§ **TASK GOAL**
Although the entries contain pictures, only their words should be duplicated exactly.

§ **EXTRACTED ENTRIES**
:::
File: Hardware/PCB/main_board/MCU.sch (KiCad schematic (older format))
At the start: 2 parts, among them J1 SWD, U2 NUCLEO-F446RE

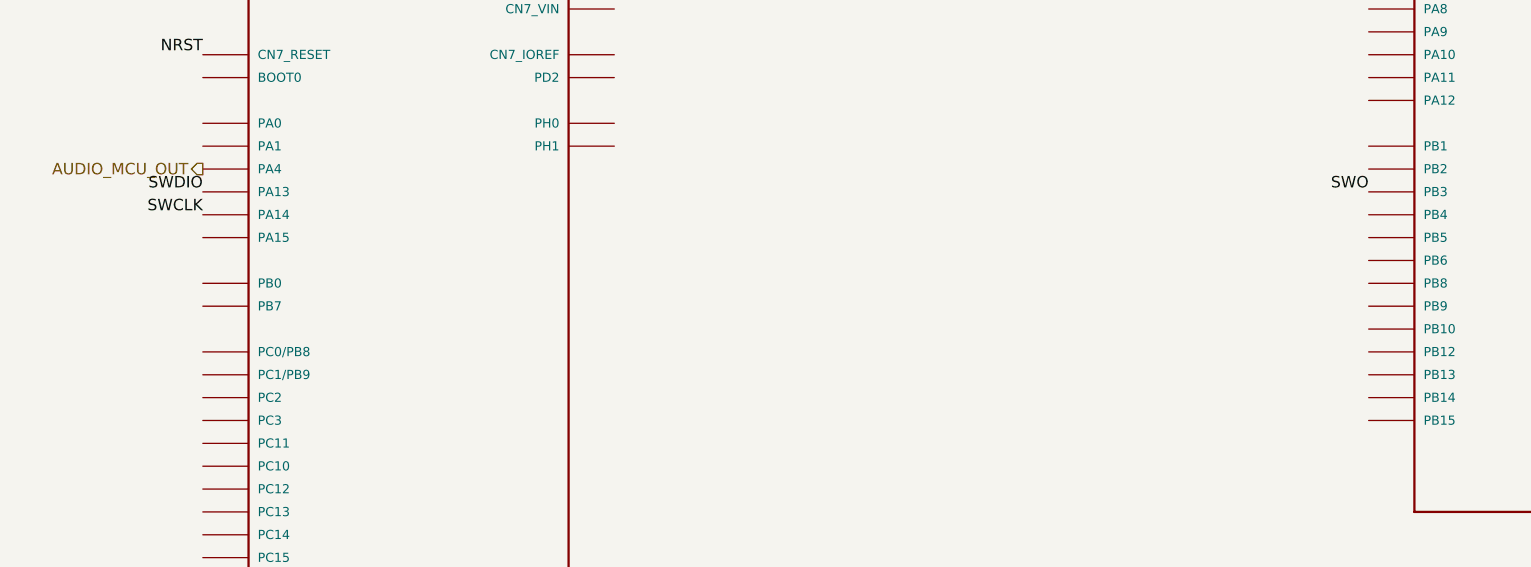
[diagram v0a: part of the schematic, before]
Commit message: Place VCF components, I2C bus
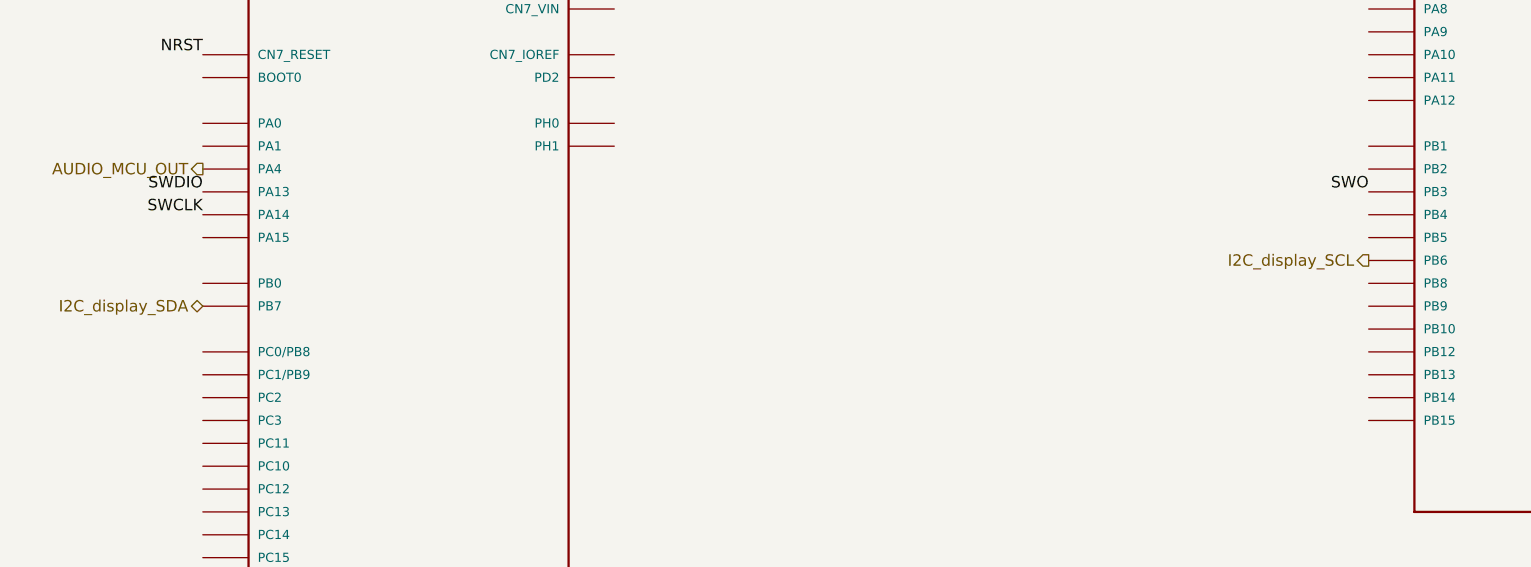
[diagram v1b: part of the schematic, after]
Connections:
- net I2C_display_SDA: now reaches U2.CN7_21 (PB7)
- net I2C_display_SCL: now reaches U2.CN10_17 (PB6)
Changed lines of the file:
@@
 $Descr A4 11693 8268
 encoding utf-8
-Sheet 3 7
+Sheet 7 7
 Title ""
 Date ""
@@
 Text Notes 4600 2050 0    50   Italic 0
 +3.3V is sourced from\nthe Nucleo board
+Text HLabel 7650 3650 0    50   Output ~ 0
+I2C_display_SCL
+Text HLabel 2550 3850 0    50   BiDi ~ 0
+I2C_display_SDA
 $EndSCHEMATC

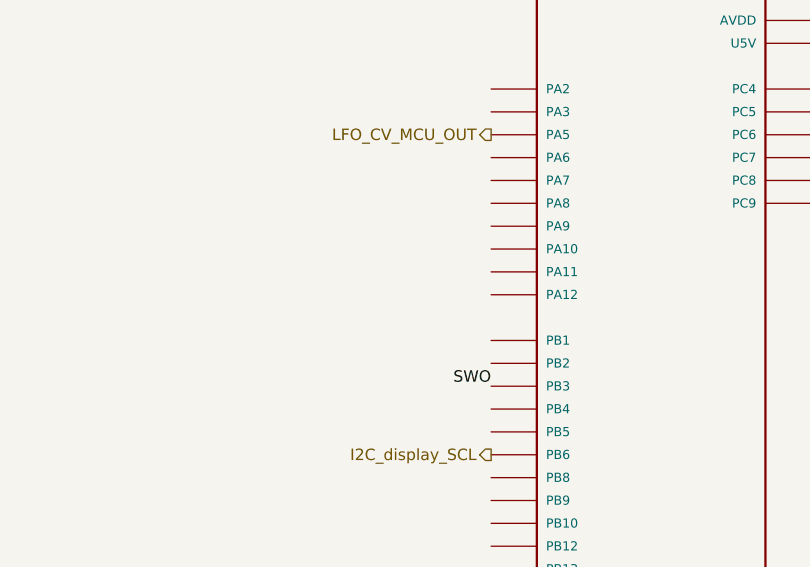
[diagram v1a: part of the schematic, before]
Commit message: Update 3D view
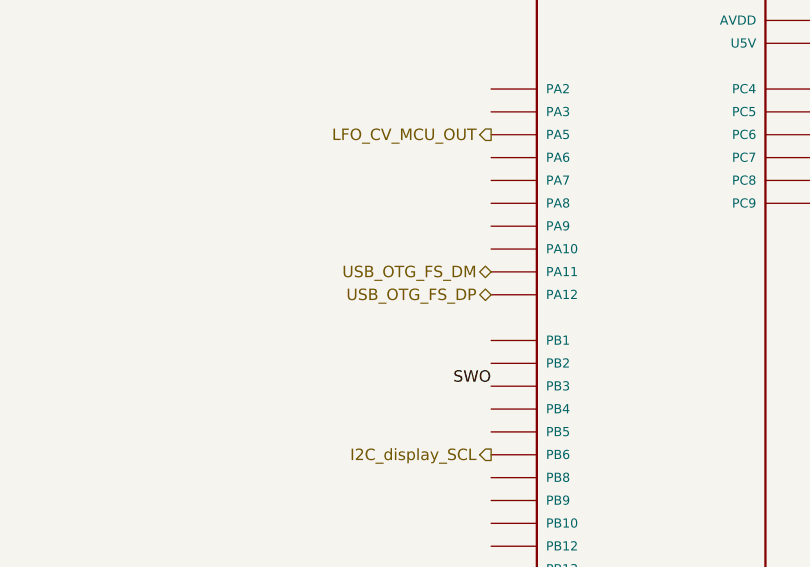
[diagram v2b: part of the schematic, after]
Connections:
- net USB_OTG_FS_DP: now reaches U2.CN10_12 (PA12)
- net USB_OTG_FS_DM: now reaches U2.CN10_14 (PA11)
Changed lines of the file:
@@
 Text HLabel 2550 3850 0    50   BiDi ~ 0
 I2C_display_SDA
+Text HLabel 7650 2950 0    50   BiDi ~ 0
+USB_OTG_FS_DP
+Text HLabel 7650 2850 0    50   BiDi ~ 0
+USB_OTG_FS_DM
 $EndSCHEMATC

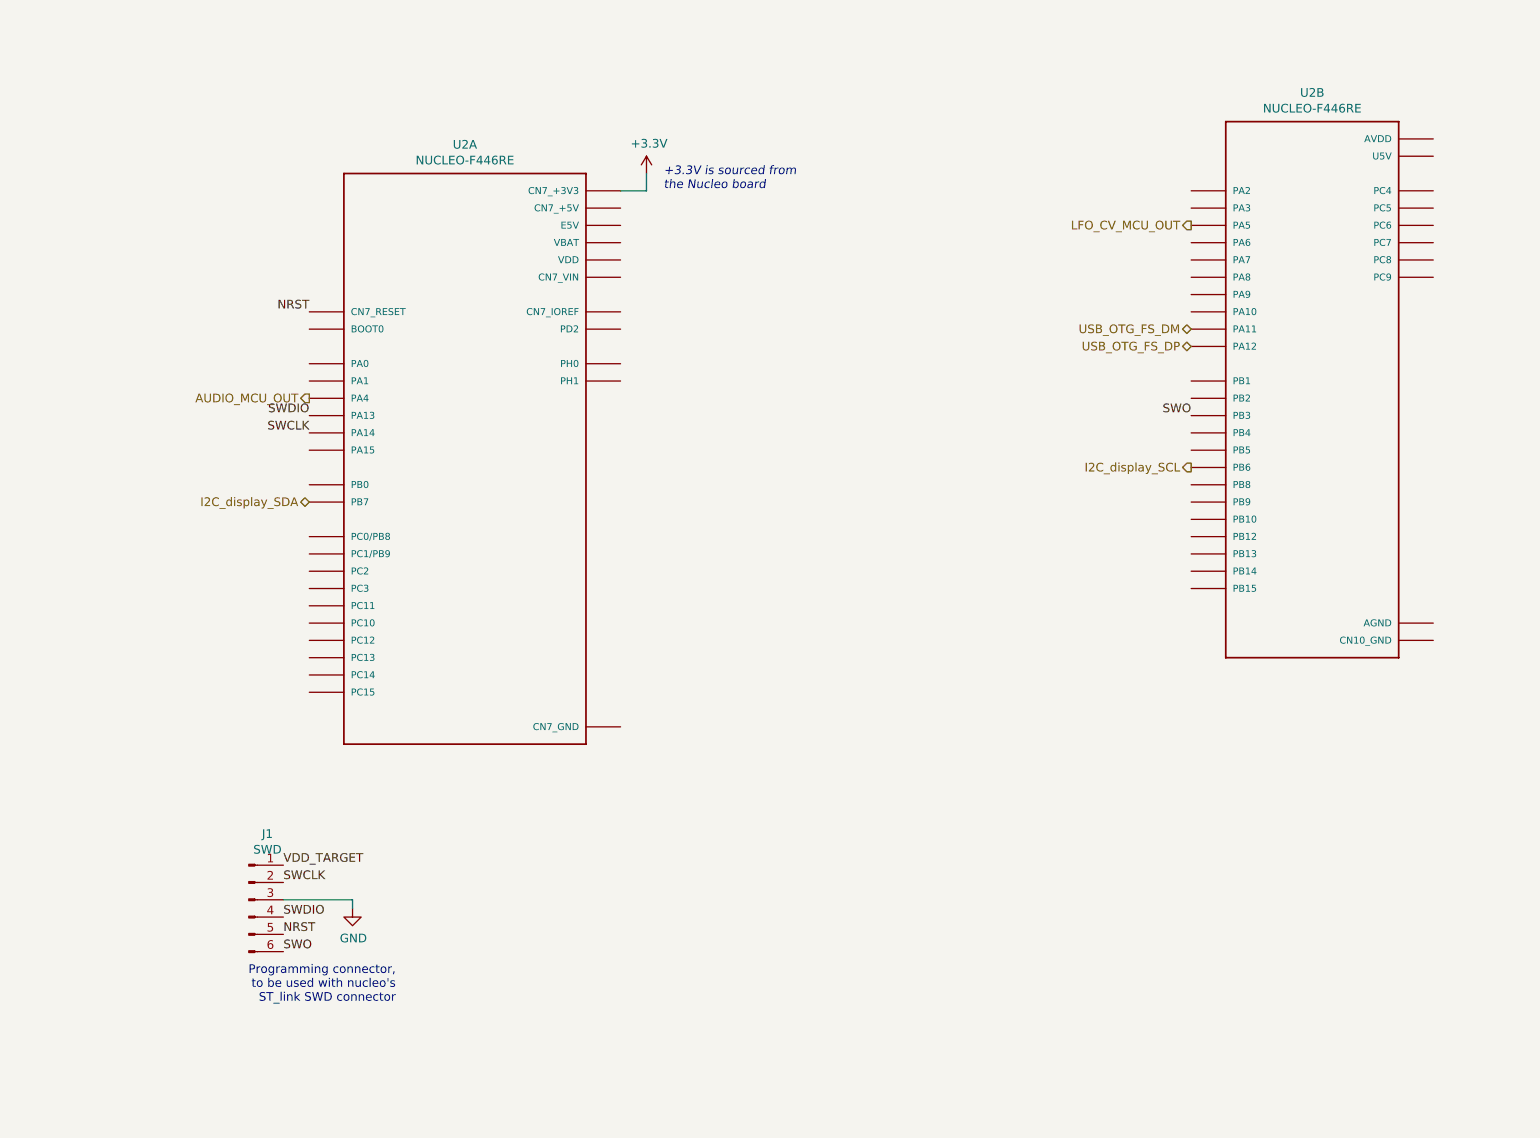
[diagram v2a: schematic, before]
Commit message: Route GPIO
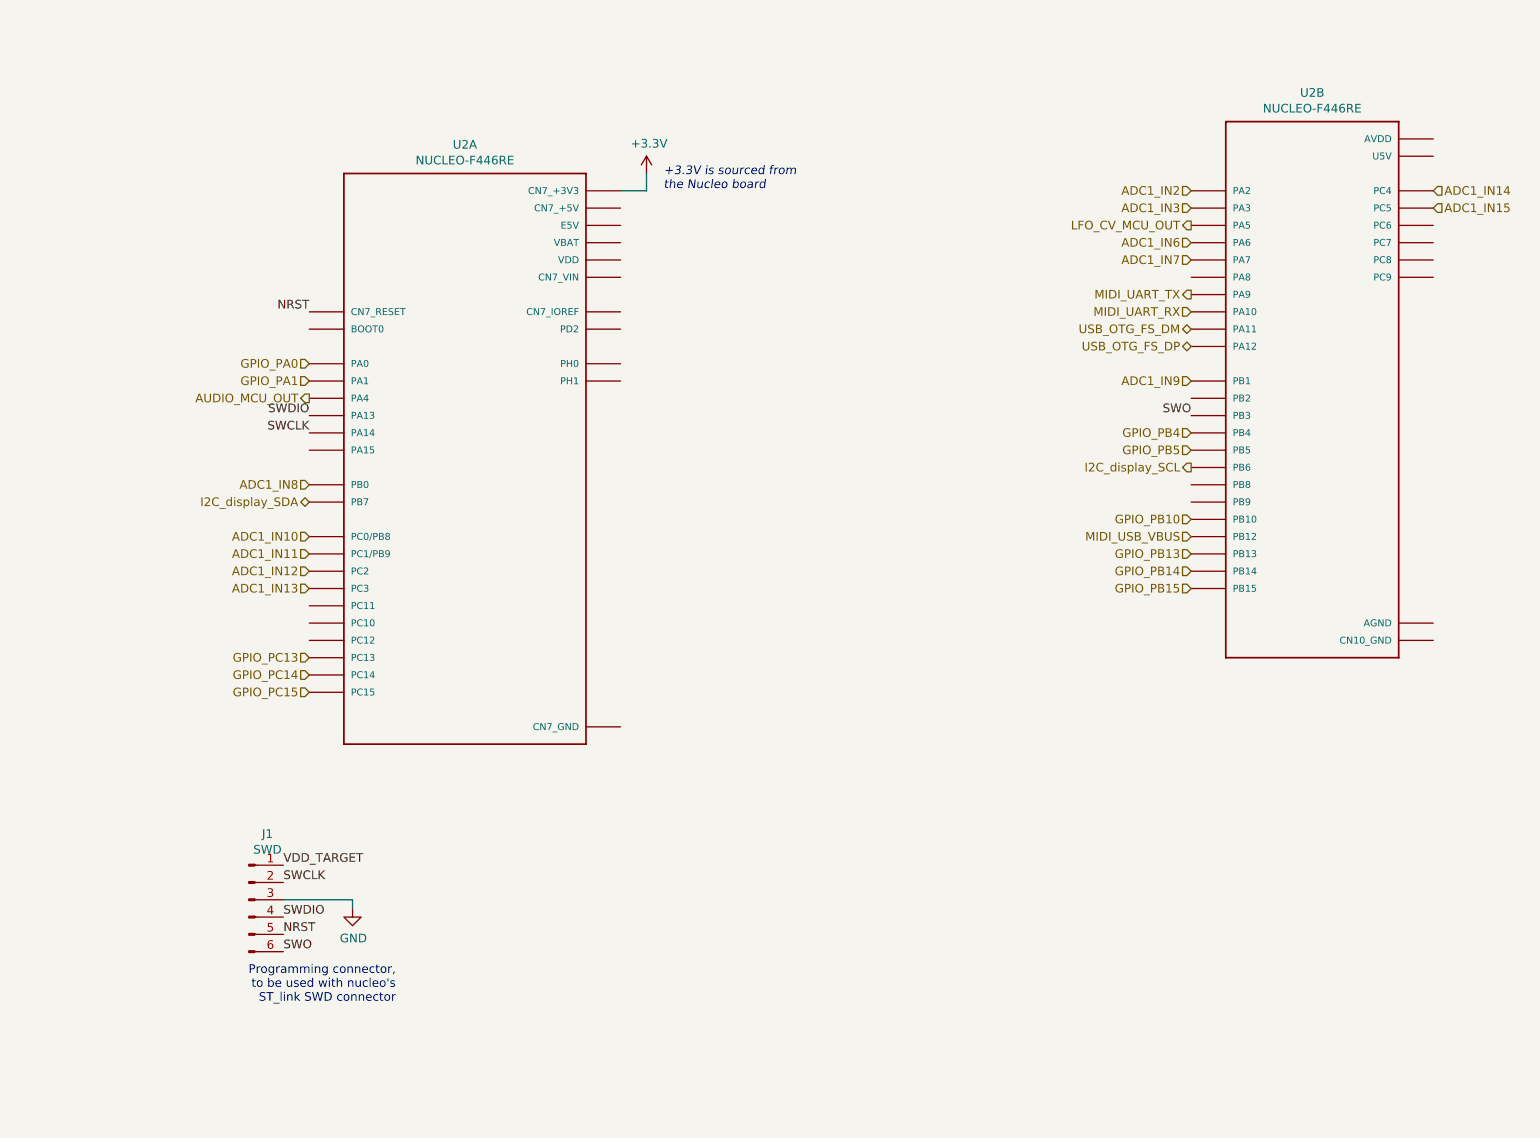
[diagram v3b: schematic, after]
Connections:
- net GPIO_PC13: now reaches U2.CN7_23 (PC13)
- net GPIO_PC14: now reaches U2.CN7_25 (PC14)
- net GPIO_PC15: now reaches U2.CN7_27 (PC15)
- net GPIO_PA0: now reaches U2.CN7_28 (PA0)
- net GPIO_PA1: now reaches U2.CN7_30 (PA1)
- net ADC1_IN8: now reaches U2.CN7_34 (PB0)
- net ADC1_IN12: now reaches U2.CN7_35 (PC2)
- net ADC1_IN11: now reaches U2.CN7_36 (PC1/PB9)
- net ADC1_IN13: now reaches U2.CN7_37 (PC3)
- net ADC1_IN10: now reaches U2.CN7_38 (PC0/PB8)
- net ADC1_IN6: now reaches U2.CN10_13 (PA6)
- net ADC1_IN7: now reaches U2.CN10_15 (PA7)
- net MIDI_USB_VBUS: now reaches U2.CN10_16 (PB12)
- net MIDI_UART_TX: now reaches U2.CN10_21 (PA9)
:::
§ **ANSWER BOX**
File: Hardware/PCB/main_board/MCU.sch (KiCad schematic (older format))
At the start: 2 parts, among them J1 SWD, U2 NUCLEO-F446RE

[diagram v0a: part of the schematic, before]
Commit message: Place VCF components, I2C bus
[diagram v1b: part of the schematic, after]
Connections:
- net I2C_display_SDA: now reaches U2.CN7_21 (PB7)
- net I2C_display_SCL: now reaches U2.CN10_17 (PB6)
Changed lines of the file:
@@
 $Descr A4 11693 8268
 encoding utf-8
-Sheet 3 7
+Sheet 7 7
 Title ""
 Date ""
@@
 Text Notes 4600 2050 0    50   Italic 0
 +3.3V is sourced from\nthe Nucleo board
+Text HLabel 7650 3650 0    50   Output ~ 0
+I2C_display_SCL
+Text HLabel 2550 3850 0    50   BiDi ~ 0
+I2C_display_SDA
 $EndSCHEMATC

[diagram v1a: part of the schematic, before]
Commit message: Update 3D view
[diagram v2b: part of the schematic, after]
Connections:
- net USB_OTG_FS_DP: now reaches U2.CN10_12 (PA12)
- net USB_OTG_FS_DM: now reaches U2.CN10_14 (PA11)
Changed lines of the file:
@@
 Text HLabel 2550 3850 0    50   BiDi ~ 0
 I2C_display_SDA
+Text HLabel 7650 2950 0    50   BiDi ~ 0
+USB_OTG_FS_DP
+Text HLabel 7650 2850 0    50   BiDi ~ 0
+USB_OTG_FS_DM
 $EndSCHEMATC

[diagram v2a: schematic, before]
Commit message: Route GPIO
[diagram v3b: schematic, after]
Connections:
- net GPIO_PC13: now reaches U2.CN7_23 (PC13)
- net GPIO_PC14: now reaches U2.CN7_25 (PC14)
- net GPIO_PC15: now reaches U2.CN7_27 (PC15)
- net GPIO_PA0: now reaches U2.CN7_28 (PA0)
- net GPIO_PA1: now reaches U2.CN7_30 (PA1)
- net ADC1_IN8: now reaches U2.CN7_34 (PB0)
- net ADC1_IN12: now reaches U2.CN7_35 (PC2)
- net ADC1_IN11: now reaches U2.CN7_36 (PC1/PB9)
- net ADC1_IN13: now reaches U2.CN7_37 (PC3)
- net ADC1_IN10: now reaches U2.CN7_38 (PC0/PB8)
- net ADC1_IN6: now reaches U2.CN10_13 (PA6)
- net ADC1_IN7: now reaches U2.CN10_15 (PA7)
- net MIDI_USB_VBUS: now reaches U2.CN10_16 (PB12)
- net MIDI_UART_TX: now reaches U2.CN10_21 (PA9)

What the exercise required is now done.